### Task goal
Identify each line below that contains the word "SpectrumAnalyzer", and copy it out.

(Stored data entries)
○ ○ ○ ○ ○ ○ ○

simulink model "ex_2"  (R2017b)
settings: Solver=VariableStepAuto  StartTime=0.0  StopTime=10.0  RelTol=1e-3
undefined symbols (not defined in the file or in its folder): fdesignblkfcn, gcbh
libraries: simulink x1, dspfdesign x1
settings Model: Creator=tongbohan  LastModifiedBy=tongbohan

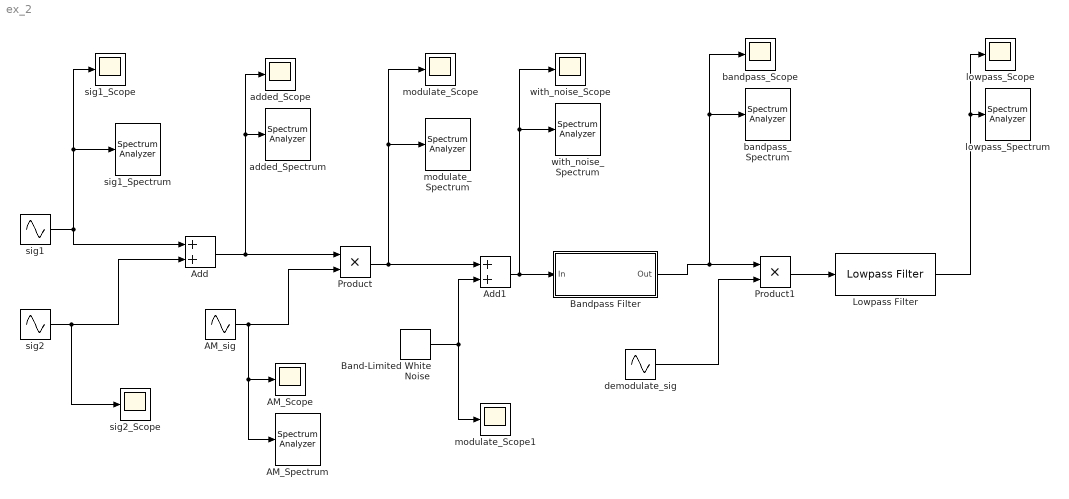
== system ex_2 ==
  AM_Scope : Scope
  AM_Spectrum : SpectrumAnalyzer
  AM_sig : Sin  Amplitude=100  Frequency=500  SampleTime=1/2000
  Add : Sum
  Add1 : Sum
  Band-Limited White Noise : simulink/Sources/Band-Limited White Noise  Cov=[0.1]  Ts=0.1  seed=[23341]
  Bandpass Filter : Subsystem  DialogController=fdesignblkfcn  InitFcn=fdesignblkfcn(gcbh, {'InitFcn'});  mask(Bandpass Filter){}
      mask help: Design a bandpass filter
      settings: CopyFcn=fdesignblkfcn(gcbh, {'CopyFcn'});
      mask Help: helpview(mapfilelocation('dsp'), 'dspbandpassfilter');
      mask Display: disp('Bandpass');
  Lowpass Filter : dspfdesign/Lowpass Filter  FilterType=IIR  DesignForMinimumOrder=on  FilterOrder=50  PassbandFrequency=14  StopbandFrequency=18  PassbandRipple=1  StopbandAttenuation=170  InheritSampleRate=off  SampleRate=2000  SimulateUsing=Interpreted execution  roundingMode=Floor  coeffsDataTypeStr=fixdt(1,16)
  Product : Product
  Product1 : Product
  added_Scope : Scope
  added_Spectrum : SpectrumAnalyzer
  bandpass_Scope : Scope
  bandpass_Spectrum : SpectrumAnalyzer
  demodulate_sig : Sin  Amplitude=100  Frequency=500  SampleTime=1/2000
  lowpass_Scope : Scope
  lowpass_Spectrum : SpectrumAnalyzer
  modulate_Scope : Scope
  modulate_Scope1 : Scope
  modulate_Spectrum : SpectrumAnalyzer
  sig1 : Sin  Frequency=50  SampleTime=1/2000
  sig1_Scope : Scope
  sig1_Spectrum : SpectrumAnalyzer
  sig2 : Sin  Amplitude=2  Frequency=0  Phase=90  SampleTime=1/2000
  sig2_Scope : Scope
  with_noise_Scope : Scope
  with_noise_Spectrum : SpectrumAnalyzer
  wires:
  sig1/1 -> Add/1, sig1_Spectrum/1, sig1_Scope/1
  sig2/1 -> sig2_Scope/1, Add/2
  AM_sig/1 -> AM_Scope/1, AM_Spectrum/1, Product/2
  Add/1 -> added_Spectrum/1, added_Scope/1, Product/1
  demodulate_sig/1 -> Product1/2
  Product1/1 -> Lowpass Filter/1
  Lowpass Filter/1 -> lowpass_Scope/1, lowpass_Spectrum/1
  Product/1 -> Add1/1, modulate_Scope/1, modulate_Spectrum/1
  Band-Limited White Noise/1 -> modulate_Scope1/1, Add1/2
  Add1/1 -> Bandpass Filter/1(In), with_noise_Spectrum/1, with_noise_Scope/1
  Bandpass Filter/1(Out) -> bandpass_Spectrum/1, bandpass_Scope/1, Product1/1

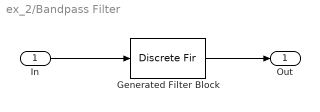
== system ex_2/Bandpass Filter ==
  In : Inport
  Generated Filter Block : DiscreteFir  Tag=BlockMethodSubSystem  Coefficients=[-0.000271528895255182588 0.000352756454276449271 2.69730664487950518e-05 -0.000123272105641871805 -0.000139706643555305475 -7.63370232388889197e-05 1.8833652861051208e-05 0.00011299836784680959 0.000189046779672542598 0.00024241523034914536 0.000275474344072578316 0.000293320610436316475 0.000300164189458403672 0.000298339804875837316 0.000287716360195111836 0.000266872148787799547 0.000233586404850738853 0.000186252311743212115 0.000124016611562246252 4.76327375551396711e-05 -4.10104459610567882e-05 -0.000138482490898435149 -0.000240610129074697642 -0.000342210041513745693 -0.000437984878077861981 -0.000522225263130854638 -0.000589735800964473868 -0.000635468902919660516 -0.000655487977906242807 -0.000646508017698320197 -0.000606873417875030438 -0.000535950262028780282 -0.000435080810348210695 -0.00030674744289095466 -0.000155479163532881552 1.32872050563002886e-05 0.000192312745608359137 0.000374054452036855071 0.000549677019523377424 0.000710981967438324507 0.000849074692989385395 0.000956929558230999212 0.00102719533394657575 0.00105585987319681534 0.00103857853861990613 0.000975303213385315883 0.000866597002312649947 0.000715300966421360349 0.000528578318102551495 0.000311554200158269264 7.50884718782264722e-05 -0.000171002763771957856 -0.00041623473333337284 -0.000649061807354267897 -0.000857954031545728993 -0.00103391907804199421 -0.00116813409139179358 -0.00125355928226200328 -0.00128571564892620595 -0.00126327122427809637 -0.00118649070921511427 -0.00105842843960959887 -0.000884831810131566851 -0.00067406229397103687 -0.000435548437588089527 -0.000180136254550205687 8.04660772613336004e-05 0.000333951063508870934 0.000568941841103041274 0.000775119902275384401 0.000943771609748016551 0.00106770941619525363 0.00114228240468556902 0.00116541632814188526 0.00113788064765677909 0.00106259730182732873 0.000944797644991662118 0.000791582346234088585 0.000611925362978252741 0.000415693053589648255 0.000213223539403330909 1.44639416962390083e-05 -0.000171097050492885364 -0.000335152971253573897 -0.000470766458145810581 -0.000573199035216194475 -0.000639687014006543107 -0.000669981318345102823 -0.000665343887426568092 -0.000629592133182723312 -0.000567267846251031803 -0.000485373864845441074 -0.000390607591605078304 -0.00029080229193376839 -0.000193089250066319967 -0.000103760121573345001 -2.85726379259350143e-05 2.84693196665156274e-05 6.4974815853931144e-05 7.9951993891571048e-05 7.46929083438321807e-05 5.19566313510047085e-05 1.56310000078250292e-05 -2.92102544437285005e-05 -7.67187021359560454e-05 -0.000121134092634507957 -0.000156663829625797396 -0.000178090945735003139 -0.000181408956596321234 -0.000164168853115362253 -0.000125237609298303428 -6.52435518631895985e-05 1.34652888042539448e-05 0.000106984295848897509 0.000210273694526170649 0.000317069668264341443 0.000420477694360330077 0.000513471902529992409 0.000589556690183695221 0.000642835048476739029 0.000668604088690838688 0.000663619045979568409 0.000626517247218576819 0.000557629619126857445 0.000459266280560770746 0.000335508202639311296 0.000192215675813788695 3.62789944839330634e-05 -0.000124505434823308505 -0.000282127710277126683 -0.000428405161254296566 -0.000555959433679194953 -0.000658256577237697495 -0.000730382201744303569 -0.000768948513914267462 -0.000772510635358520477 -0.000741784693306943321 -0.000679145838229300129 -0.000589045902542378896 -0.000476921657820315631 -0.000349595345086025201 -0.000214523064113330522 -7.92547823632218119e-05 4.87878968364037578e-05 0.000163075898237571366 0.000258275429806492022 0.000330313112130207294 0.000376963713049421173 0.000397805222830070737 0.000394035702467749325 0.000368528703307764911 0.000325519402983407411 0.000270172162092939224 0.00020841527329710862 0.000146439509830661546 9.00300690571418987e-05 4.42658526669155867e-05 1.32322294263816366e-05 -3.96685490294091784e-07 4.45637992854947053e-06 2.73074062881172255e-05 6.60384391044281725e-05 0.000117008970159100911 0.000175430755898947188 ...(+27649 chars)]  InputProcessing=Columns as channels (frame based)
  Out : Outport
  wires:
  In/1 -> Generated Filter Block/1
  Generated Filter Block/1 -> Out/1

○ ○ ○ ○ ○ ○ ○

### Written solution
  AM_Spectrum : SpectrumAnalyzer
  added_Spectrum : SpectrumAnalyzer
  bandpass_Spectrum : SpectrumAnalyzer
  lowpass_Spectrum : SpectrumAnalyzer
  modulate_Spectrum : SpectrumAnalyzer
  sig1_Spectrum : SpectrumAnalyzer
  with_noise_Spectrum : SpectrumAnalyzer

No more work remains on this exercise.